India: 150/50 overs (Lee 10-2-25-2,Johnson 10-1-40-2,Watson 10-1-35-1)
India: 250/50 overs (Lee 10-0-45-2,Johnson 10-1-40-2,Watson 10-0-55-1)
Johnson has identical analysis in both matches. However his bowling in the first match is below-par and in the second batch is above-par. Lee has been above-par in both matches and Watson is below-par in both matches.

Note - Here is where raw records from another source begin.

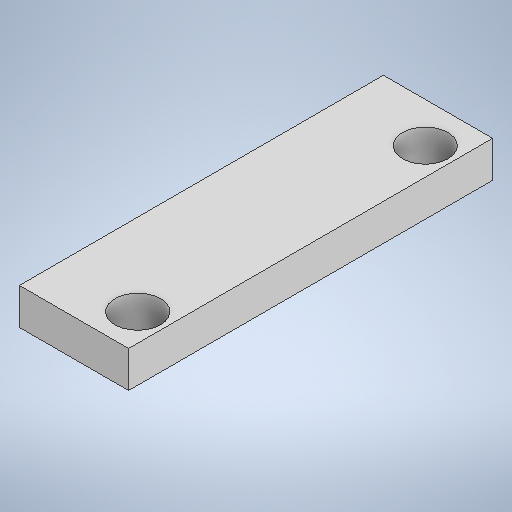
# Autodesk Inventor part: B1 fermeture
Saved by Autodesk Inventor 2025 (Build 290162000, 162)
## iProperties
Created: 2025-01-19
Part Number: B1 fermeture
Material: Generic
Document SubType Name: Modeling
Designer: Pauline Simonnet
Density: 1 g/cm^3
Appearance: Default
Author: Pauline Simonnet
Autodesk Inventor part; units mm, degrees
ref_plane "YZ Plane" through (0, 0, 0) normal (1, 0, 0) x (0, 1, 0)
ref_plane "XZ Plane" through (0, 0, 0) normal (0, 1, 0) x (-1, 0, 0)
ref_plane "XY Plane" through (0, 0, 0) normal (0, 0, 1) x (1, 0, 0)
sketch "Sketch1" plane through (0, 0, 0) normal (0, 1, 0) x (-1, 0, 0)
  line L0 (0, 0) -> (12, 0)
  line L1 (12, 0) -> (12, -40)
  line L2 (12, -40) -> (0, -40)
  line L3 (0, -40) -> (0, 0)
  dimension "d0" = 40
  dimension "d1" = 12
  constraints: 8 end point, 2 parallel, 1 horizontal, 1 perpendicular
  measures "d0" distance between parallel lines of L2 L0
  measures "d1" distance of L1.end L2.end
extrude "Extrusion1" add sketch "Sketch1" along normal blind 4
sketch "Sketch2" plane through (0, 4, 0) normal (0, 1, 0) x (1, 0, 0)
  circle A0 centre (-3, 4) radius 2.5
  circle A1 centre (-3, 35.6) radius 2.5
  line L0 (-12, 0) -> (0, 0) projected
  line L1 (0, 0) -> (0, 40) projected
  dimension "d4" = 5
  dimension "d5" = 5
  dimension "d6" = 4
  dimension "d7" = 3
  dimension "d8" = 31.6
  dimension "d9" = 3
  constraints: 2 centre point
  measures "d4" diameter of A0
  measures "d5" diameter of A1
  measures "d6" distance from line of A0.centre L0
  measures "d7" distance from line of L1 A0.centre
  measures "d8" distance of A1.centre A0.centre
  measures "d9" distance from line of L1 A1.centre
extrude "Extrusion2" cut sketch "Sketch2" against normal blind 4
sketch "Sketch3" plane through (0, 0, 0) normal (0, -1, 0) x (1, 0, 0)
  line L0 (-12, -30) -> (-6, -30)
  line L1 (-6, -30) -> (-6, -10)
  line L2 (-6, -10) -> (-12, -10)
  line L3 (-12, -10) -> (-12, -30)
  line L4 (0, -40) -> (-12, -40) projected
  line L5 (-12, 0) -> (0, 0) projected
  line L6 (-12, -40) -> (-12, 0) projected
  dimension "d12" = 6
  dimension "d15" = 10
  dimension "d16" = 10
  dimension "d17" = 0
  constraints: 8 end point, 2 parallel, 1 horizontal, 1 perpendicular
  measures "d12" distance between parallel lines of L3 L1
  measures "d15" distance between parallel lines of L0 L4
  measures "d16" distance between parallel lines of L5 L2
  measures "d17" distance between parallel lines of L6 L3
extrude "Extrusion3" add sketch "Sketch3" along normal blind 4.4
equation "\"d5\" = d4"
equation "\"d9\" = d7"
body "Solid1"
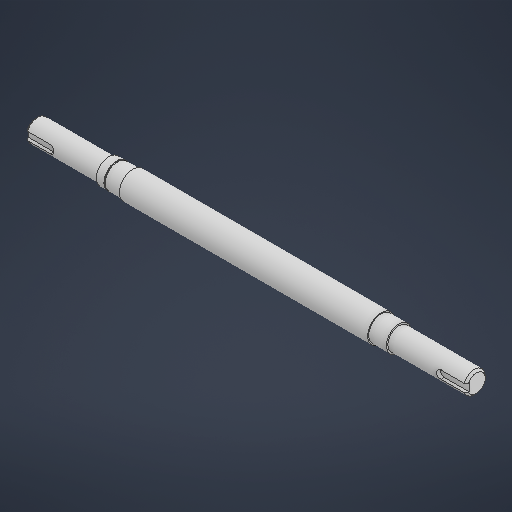
# Autodesk Inventor part: Shaft
Saved by Autodesk Inventor 2026.1 (Build 301233020, 233B)
## iProperties
Created: 2025-10-14
Part Number: Shaft
Material: Generic
Document SubType Name: Modeling
Designer: Alexander
Density: 1 g/cm^3
Appearance: Default
Author: Alexander
Autodesk Inventor part; units mm, degrees
ref_plane "YZ Plane" through (0, 0, 0) normal (1, 0, 0) x (0, 1, 0)
ref_plane "XZ Plane" through (0, 0, 0) normal (0, 1, 0) x (-1, 0, 0)
sketch "Sketch1" plane through (0, 0, 0) normal (0, 0, 1) x (1, 0, 0)
  line L0 (-144.8, -12.5) -> (-137.2, -12.5)
  line L1 (-137.2, -12.5) -> (-137.2, -11.95)
  line L2 (-137.2, -11.95) -> (-136, -11.95)
  line L3 (-136, -11.95) -> (-136, -12.5)
  line L4 (-136, -12.5) -> (-120.8, -12.5)
  line L5 (-120.8, -12.5) -> (-120.8, -13.55)
  line L6 (-120.8, -13.55) -> (127.2, -13.55)
  line L7 (127.2, -13.55) -> (127.2, -12.5)
  line L8 (127.2, -12.5) -> (144.8, -12.5)
  line L9 (144.8, -12.5) -> (144.8, 0)
  line L10 (144.8, 0) -> (-144.8, 0)
  line L11 (-144.8, 0) -> (-144.8, -12.5)
  point P0 (0, 0)
  point P1 (0, 0)
  point P2 (127.2, -13.025)
  dimension "d0" = 12.5
  dimension "d1" = 7.6
  dimension "d2" = 1.2
  dimension "d3" = 0.55
  dimension "d4" = 15.2
  dimension "d5" = 13.55
  dimension "d6" = 11.95
  dimension "d7" = 248
  dimension "d8" = 12.5
  dimension "d9" = 17.6
  constraints: 24 end point, 10 perpendicular, 2 coincident, 2 midpoint, 2 point on line, 1 horizontal
  measures "d0" distance of L10.end L0.start
  measures "d1" distance of L0.start L0.end
  measures "d2" distance of L1.end L2.end
  measures "d3" distance of L0.end L1.end
  measures "d4" distance of L3.end L4.end
  measures "d5" vertical distance of point (0, 0) L5.end
  measures "d6" distance from line of L10 L1.end
  measures "d7" distance of L5.end L6.end
  measures "d8" distance between parallel lines of L10 L8
  measures "d9" distance from line of point (127.2, -13.025) L9
revolve "Revolution1" add sketch "Sketch1" angle 360 about axis through (144.8, 0, 0) along (-1, 0, 0)
sketch "Sketch2" plane through (-144.8, 0, 0) normal (-1, 0, 0) x (0, 0, 1)
  circle A0 centre (0, 0) radius 11
  dimension "d11" = 22
  constraints: 1 centre point, 1 coincident
  measures "d11" diameter of A0
extrude "Extrusion1" add sketch "Sketch2" along normal blind 73
sketch "Sketch3" plane through (144.8, 0, 0) normal (1, 0, 0) x (0, 0, -1)
  point P0 (0, 0)
sketch "Sketch4" plane through (144.8, 0, 0) normal (1, 0, 0) x (0, 0, -1)
  circle A0 centre (0, 0) radius 11
  dimension "d14" = 22
  constraints: 1 centre point, 1 coincident
  measures "d14" diameter of A0
extrude "Extrusion2" add sketch "Sketch4" along normal blind 77.4
ref_plane "Work Plane1" through (-144.8, 0, 11) normal (0, 0, 1) x (1, 0, 0)
sketch "Sketch5" plane through (-144.8, 0, 11) normal (0, 0, 1) x (1, 0, 0)
  line L0 (-73, 11) -> (-73, -11) projected
  line L1 (-73, 4) -> (-48, 4)
  line L2 (-48, 4) -> (-48, -4)
  line L3 (-48, -4) -> (-73, -4)
  line L4 (-73, -4) -> (-73, 4)
  circle A0 centre (-48, 0) radius 4
  line L5 (367, -11) -> (367, 11) projected
  line L6 (367, 4) -> (342, 4)
  line L7 (342, 4) -> (342, -4)
  line L8 (342, -4) -> (367, -4)
  line L9 (367, -4) -> (367, 4)
  circle A1 centre (342, 0) radius 4
  point P0 (144.8, 0)
  point P1 (-73, 0)
  point P2 (367, 0)
  point P3 (367, 0)
  dimension "d17" = 8
  dimension "d18" = 25
  dimension "d19" = 8
  dimension "d20" = 25
  constraints: 16 end point, 5 midpoint, 4 parallel, 2 coincident, 2 horizontal, 2 perpendicular, 2 point on line, 1 horizontal alignment, 6 other
  measures "d17" distance of L1.end L2.end
  measures "d18" distance between parallel lines of L0 L2
  measures "d19" distance of L6.end L7.end
  measures "d20" distance of L6.start L6.end
extrude "Extrusion3" cut sketch "Sketch5" against normal blind 4
chamfer "Chamfer1" distance 2 angle 45 3 edges at (-217.8, 0, -11) (222.2, -10.8101, -2.0351) (222.2, 10.8101, -2.0351)
body "Solid1"
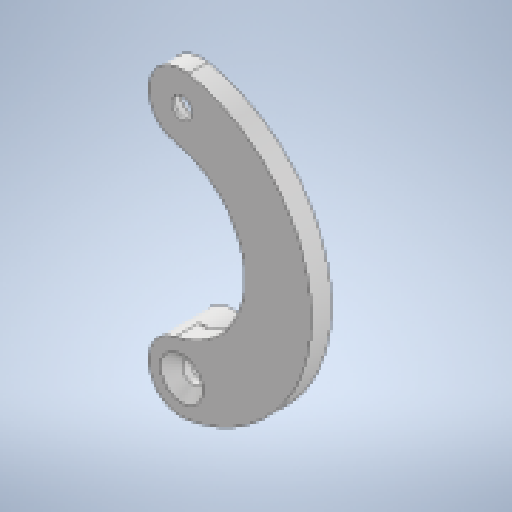
# Autodesk Inventor part: rotor_arm
Saved by Autodesk Inventor 2024 (Build 280153000, 153)
## iProperties
Created: 2025-06-26
Part Number: rotor_arm
Material: 一般
Document SubType Name: Modeling
Designer: kshau
Density: 1 g/cm^3
Appearance: 既定
Author: kshau
Autodesk Inventor part; units mm, degrees
ref_plane "YZ Plane" through (0, 0, 0) normal (1, 0, 0) x (0, 1, 0)
ref_plane "XZ Plane" through (0, 0, 0) normal (0, 1, 0) x (-1, 0, 0)
ref_plane "XY Plane" through (0, 0, 0) normal (0, 0, 1) x (1, 0, 0)
sketch "スケッチ1" plane through (0, 0, 0) normal (0, 0, 1) x (1, 0, 0)
  circle A0 centre (0, 0) radius 5
  circle A1 centre (0, 35) radius 5
  line L0 (0, 35) -> (0, 0)
  arc A2 (0.968731, -4.905258) -> (0.968731, 39.905258) centre (-3.456045, 17.5) ccw
  arc A3 (-0.968731, 4.905258) -> (-0.968731, 30.094742) centre (-3.456045, 17.5) ccw
  point P0 (0, 30)
  point P1 (0, 29.864061)
  point P2 (0, 5.135939)
  point P3 (0, 5)
  dimension "d0" = 10
  dimension "d1" = 10
  dimension "d2" = 35
  dimension "d3" = 22.838
  dimension "d4" = 12.838
  constraints: 8 point on circle, 4 centre point, 4 tangent, 2 end point, 1 coincident, 1 vertical
  measures "d0" diameter of A0
  measures "d1" diameter of A1
  measures "d2" distance of L0.end L0.start
  measures "d3" radius of A2
  measures "d4" radius of A3
extrude "押し出し1" add sketch "スケッチ1" along normal blind 3 contours A0 | A3 L0 A0 | A0 L0 A3 A1 A2 | A1 | A3 A1 L0
sketch "スケッチ2" plane through (0, 0, 0) normal (0, 0, -1) x (-1, 0, 0)
  circle A0 centre (0, 0) radius 5
  constraints: 1 centre point, 1 coincident
extrude "押し出し2" add sketch "スケッチ2" along normal blind 4.8
sketch "スケッチ3" plane through (0, 0, -4.8) normal (0, 0, -1) x (-1, 0, 0)
  circle A0 centre (0, 0) radius 3.1
  dimension "d9" = 6.2
  constraints: 1 centre point, 1 coincident
  measures "d9" diameter of A0
extrude "押し出し3" cut sketch "スケッチ3" against normal blind 5
sketch "スケッチ4" plane through (0, 0, 3) normal (0, 0, 1) x (1, 0, 0)
  circle A0 centre (0, 0) radius 3.1
  arc A1 (0.968731, 39.905258) -> (-0.968731, 30.094742) centre (0, 35) ccw
  point P0 (0, 30)
  constraints: 2 coincident
hole "穴1" at (0, 0, 3) at (0, 35, 3) direction (0, 0, -1) diameter 3.1 end through all
sketch "スケッチ5" plane through (0, 0, 0) normal (0, 0, -1) x (-1, 0, 0)
  circle A0 centre (0, 35) radius 1.55 projected
  circle A1 centre (0, 35) radius 3.1
  point P0 (0, 0)
  dimension "d19" = 6.2
  constraints: 1 centre point, 1 coincident
  measures "d19" diameter of A1
extrude "押し出し4" cut sketch "スケッチ5" against normal blind 2.5
sketch "スケッチ6" plane through (0, 0, 3) normal (0, 0, 1) x (1, 0, 0)
  circle A0 centre (0, 0) radius 1.55 projected
  constraints: 1 coincident
hole "穴2" at (0, 0, 3) direction (0, 0, -1) diameter 3.1 end through all countersink diameter 6.3 countersink angle 90
fillet "フィレット1" radius 0.5 3 edges at (3.1, 0, -4.8) (3.1, 35, 0) (4.9053, 0.9687, 0)
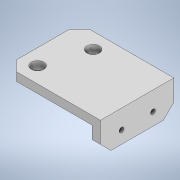
# Autodesk Inventor part: Peça29
Saved by Autodesk Inventor 2021 (Build 250183000, 183)
## iProperties
Created: 2021-07-21
Part Number: Peça29
Material: Genérico
Document SubType Name: Modeling
Designer: Giovanni
Density: 1 g/cm^3
Appearance: Padrão
Author: Giovanni
Autodesk Inventor part; units mm, degrees
ref_plane "YZ Plane" through (0, 0, 0) normal (1, 0, 0) x (0, 1, 0)
ref_plane "XZ Plane" through (0, 0, 0) normal (0, 1, 0) x (-1, 0, 0)
ref_plane "XY Plane" through (0, 0, 0) normal (0, 0, 1) x (1, 0, 0)
sketch "Esboço1" plane through (0, 0, 0) normal (0, 0, 1) x (1, 0, 0)
  line L0 (-90, 0) -> (0, 0)
  line L1 (0, 0) -> (0, -30)
  line L2 (0, -30) -> (-8, -30)
  line L3 (-8, -30) -> (-8, -8)
  line L4 (-8, -8) -> (-90, -8)
  line L5 (-90, -8) -> (-90, 0)
  dimension "d0" = 90
  dimension "d1" = 30
  dimension "d2" = 8
  dimension "d3" = 8
  constraints: 12 end point, 4 perpendicular, 1 horizontal, 1 vertical
  measures "d0" distance of L0.start L0.end
  measures "d1" distance of L0.end L1.end
  measures "d2" distance of L1.end L2.end
  measures "d3" distance of L4.end L0.start
extrude "Extrusão1" add sketch "Esboço1" along normal mid plane 70
sketch "Esboço2" plane through (-90, 0, 35) normal (0, 1, 0) x (1, 0, 0)
  line L0 (0, 70) -> (0, 0) projected
  line L1 (90, 0) -> (0, 0) projected
  line L2 (0, 70) -> (90, 70) projected
  point P0 (90, 35)
  point P1 (28, 55)
  point P2 (15, 15)
  dimension "d6" = 28
  dimension "d7" = 15
  dimension "d8" = 15
  dimension "d9" = 15
  measures "d6" horizontal distance of L0.end point (28, 55)
  measures "d7" distance from line of L0 point (15, 15)
  measures "d8" distance from line of point (15, 15) L1
  measures "d9" distance from line of L2 point (28, 55)
hole "Furo1" at (-62, 0, -20) at (-75, 0, 20) direction (0, -1, 0) diameter 12 end through all
sketch "Esboço3" plane through (-8, -30, 35) normal (-1, 0, 0) x (0, 0, 1)
  line L0 (-70, 0) -> (0, 0) projected
  line L1 (0, 22) -> (0, 0) projected
  line L2 (-70, 0) -> (-70, 22) projected
  point P0 (-35, 30)
  point P1 (-50, 12)
  point P2 (-20, 12)
  dimension "d17" = 12
  dimension "d18" = 20
  dimension "d19" = 20
  constraints: 1 horizontal alignment
  measures "d17" distance from line of L0 point (-50, 12)
  measures "d18" distance from line of point (-20, 12) L1
  measures "d19" distance from line of L2 point (-50, 12)
hole "Furo2" at (-8, -18, -15) at (-8, -18, 15) direction (1, 0, 0) diameter 4.5 end through all
chamfer "Chanfro1" distance 10 angle 45 4 edges at (-90, -4, -35) (-90, -4, 35) (-4, -30, -35) (-4, -30, 35)
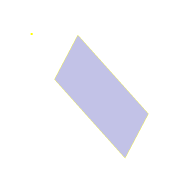
# Autodesk Inventor part: 07_OPENTRONS_Autofocus_objectivemount_v0
Saved by Autodesk Inventor 2019.4 (Build 234330000, 330)
## iProperties
Created: 2020-11-20
Part Number: 07_OPENTRONS_Autofocus_objectivemount_v0
Material: Generic
Document SubType Name: Modeling
Designer: diederichbenedict
Density: 1 g/cm^3
Appearance: Default
Author: diederichbenedict
Autodesk Inventor part; units mm, degrees
ref_plane "YZ Plane" through (0, 0, 0) normal (1, 0, 0) x (0, 1, 0)
ref_plane "XZ Plane" through (0, 0, 0) normal (0, 1, 0) x (-1, 0, 0)
ref_plane "XY Plane" through (0, 0, 0) normal (0, 0, 1) x (1, 0, 0)
ref_plane "Work Plane2" through (43.8996, -9.2473, 53.4016) normal (0, 0, 1) x (1, 0, 0)
sketch "Sketch2" plane through (43.8996, -9.2473, 53.4016) normal (0, 0, 1) x (1, 0, 0)
  circle A0 centre (-10.125, 0) radius 12.15 construction
  arc A1 (-14.1278, 12) -> (-6.1222, 12) centre (-10.125, 0) ccw
  circle A2 centre (-10.125, 0) radius 15
  line L0 (-14.1278, 12) -> (-6.1222, 12)
  point P0 (-43.8996, 9.2473)
  point P1 (-14.1278, 12)
  point P2 (-6.1222, 12)
  dimension "d0" = 0.5
  dimension "d1" = 30
  dimension "d2" = 12
  constraints: 3 coincident, 2 centre point, 2 end point, 2 point on circle, 1 horizontal
  measures "d0" radial gap between concentric circles of A0 A1
  measures "d1" diameter of A2
  measures "d2" distance from line of A0.centre L0
extrude "Extrusion1" add sketch "Sketch2" against normal blind 6
pattern_circular "Circular Pattern1" count 3 over 360 about axis through (33.7746, -9.2473, 53.4016) along (0, 0, -1) of "Extrusion1"
body "Solid1"
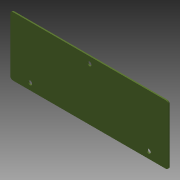
# Autodesk Inventor part: Veroboard
Saved by Autodesk Inventor 2015 (Build 190159000, 159)
## iProperties
Created: 2016-02-19
Part Number: Veroboard
Material: Generic
Document SubType Name: Modeling
Designer: 23902
Density: 1 g/cm^3
Appearance: Default
Author: 23902
Autodesk Inventor part; units mm, degrees
ref_plane "YZ Plane" through (0, 0, 0) normal (1, 0, 0) x (0, 1, 0)
ref_plane "XZ Plane" through (0, 0, 0) normal (0, 1, 0) x (-1, 0, 0)
ref_plane "XY Plane" through (0, 0, 0) normal (0, 0, 1) x (1, 0, 0)
sketch "Sketch1" plane through (0, 0, 0) normal (0, 1, 0) x (-1, 0, 0)
  circle A0 centre (-2.5953, 16.0933) radius 1.6
  circle A1 centre (-47.5953, -18.9067) radius 1.6
  line L0 (-47.5953, -23.9067) -> (55.4047, -23.9067)
  line L1 (-47.5953, -23.9067) -> (-60.5953, -23.9067)
  line L2 (-62.5953, -21.9067) -> (-62.5953, 19.0933)
  arc A2 (-62.5953, -21.9067) -> (-60.5953, -23.9067) centre (-60.5953, -21.9067) ccw
  line L3 (-60.5953, 21.0933) -> (55.4047, 21.0933)
  arc A3 (-60.5953, 21.0933) -> (-62.5953, 19.0933) centre (-60.5953, 19.0933) ccw
  line L4 (57.4047, 19.0933) -> (57.4047, -21.9067)
  arc A4 (57.4047, 19.0933) -> (55.4047, 21.0933) centre (55.4047, 19.0933) ccw
  arc A5 (55.4047, -23.9067) -> (57.4047, -21.9067) centre (55.4047, -21.9067) ccw
  circle A6 centre (42.4047, -18.9067) radius 1.6
  point P0 (0, 0)
  constraints: 10 end point, 8 point on circle, 7 centre point
extrude "Extrusion1" add sketch "Sketch1" along normal blind 1
body "Solid1"
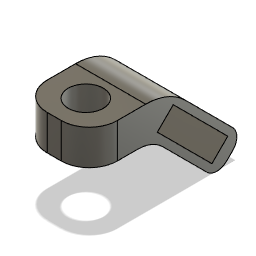
LED_Holder_Back v4 (Autodesk Fusion 360 design; units mm, degrees)
Autodesk Fusion 360 part; units mm, degrees
sketch "Sketch1" plane through (0, 0, 0) normal (1, 0, 0) x (0, 0, -1)
  line L0 (0, 0) -> (9, 0)
  line L1 (9, 0) -> (9, 5)
  line L2 (9, 5) -> (0, 5)
  line L3 (0, 5) -> (0, 0)
  line L4 (9, 0) -> (16.7782, -7.7782)
  line L5 (9, 0) -> (10, 0) construction
  line L6 (16.7782, -7.7782) -> (17.4853, -7.0711)
  line L7 (9, 0) -> (9.7071, 0.7071)
  line L8 (9.7071, 0.7071) -> (17.4853, -7.0711)
  line L9 (17.4853, -7.0711) -> (19.748, -4.8083)
  line L10 (16.7782, -7.7782) -> (18.1924, -9.1924)
  line L11 (19.748, -4.8083) -> (20.4551, -4.1012)
  line L12 (20.4551, -4.1012) -> (21.8693, -5.5154)
  line L13 (21.8693, -5.5154) -> (18.1924, -9.1924)
  line L14 (19.748, -4.8083) -> (11.9698, 2.9698)
  line L15 (11.9698, 2.9698) -> (9.7071, 0.7071)
  line L16 (20.4551, -4.1012) -> (11.3539, 5)
  line L17 (11.3539, 5) -> (9, 5)
  dimension "d1" = 9
  dimension "d2" = 5
  dimension "d3" = 45
  dimension "d4" = 11
  dimension "d5" = 1
  dimension "d6" = 1
  dimension "d7" = 3.2
  dimension "d8" = 2
  dimension "d9" = 1
  dimension "d10" = 2
  constraint horizontal L0
  constraint vertical L1
  constraint horizontal L2
  constraint vertical L3
  constraint coincident L0.start L3.end
  constraint horizontal L5
  constraint perpendicular L4 L6
  constraint perpendicular L4 L7
  constraint perpendicular L8 L9
  constraint perpendicular L6 L10
  constraint parallel L9 L11
  constraint perpendicular L11 L12
  constraint perpendicular L7 L14
  constraint perpendicular L8 L15
  constraint perpendicular L15 L16
  constraint perpendicular L1 L17
  measures "d1" distance of L0.start L0.end
  measures "d2" distance of L0.start L2.end
  measures "d3" angle of L4 L5
  measures "d4" distance of L0.end L4.end
  measures "d5" distance of L4.end L6.end
  measures "d6" distance of L0.end L7.end
  measures "d7" distance of L6.end L9.end
  measures "d8" distance of L4.end L10.end
  measures "d9" distance of L9.end L11.end
  measures "d10" distance of L11.end L12.end
extrude "Extrude1" add sketch "Sketch1" along normal blind 10 contours L0 L1 L2 L3 | L4 L6 L7 L8 | L1 L7 L11 L14 L15 L16 L17 | L6 L9 L10 L11 L12 L13
sketch "Sketch2" plane through (0, 0, 0) normal (0, -1, 0) x (1, 0, 0)
  line L0 (0, 0) -> (0, -9)
  line L1 (0, -9) -> (10, -9)
  line L2 (10, -9) -> (10, 0)
  line L3 (10, 0) -> (0, 0)
  circle A0 centre (5, -4.5) radius 2.5
  line L4 (0, -4.5) -> (5, -4.5)
  dimension "d13" = 5
  constraint midpoint L0 L4.start
  constraint perpendicular L0 L4
  constraint coincident A0.centre L4.end
  measures "d13" diameter of A0
extrude "Extrude2" cut sketch "Sketch2" against normal blind 5 contours A0
hole "Hole1" at (5, 0, -4.5) direction (0, 1, 0) diameter 8 depth 0.5 tip angle 118
fillet "Fillet1" radius 4 2 edges at (10, 2.5, 0) (0, 2.5, 0)
fillet "Fillet2" radius 5 1 edges at (5, 0, -9)
fillet "Fillet3" radius 8 1 edges at (5, 5, -11.3539)
fillet "Fillet4" radius 2 2 edges at (5, -9.1924, -18.1924) (5, -5.5154, -21.8693)

So the Bowling Accuracy index will be determined based on the bowler's numbers as well as the team's numbers.

I considered briefly and discarded the "% of team wickets" measure since good 4 and 3 wicket performances, where the "% of team wickets" figure was 100, moved up drastically in an unjustifiable manner. This is quite unlike the "% of team score" measure which moves in a 10%-20% band.

Methodology used:

The base is the wicket points. The following are the points allotted. There is a progressive increase for each wicket.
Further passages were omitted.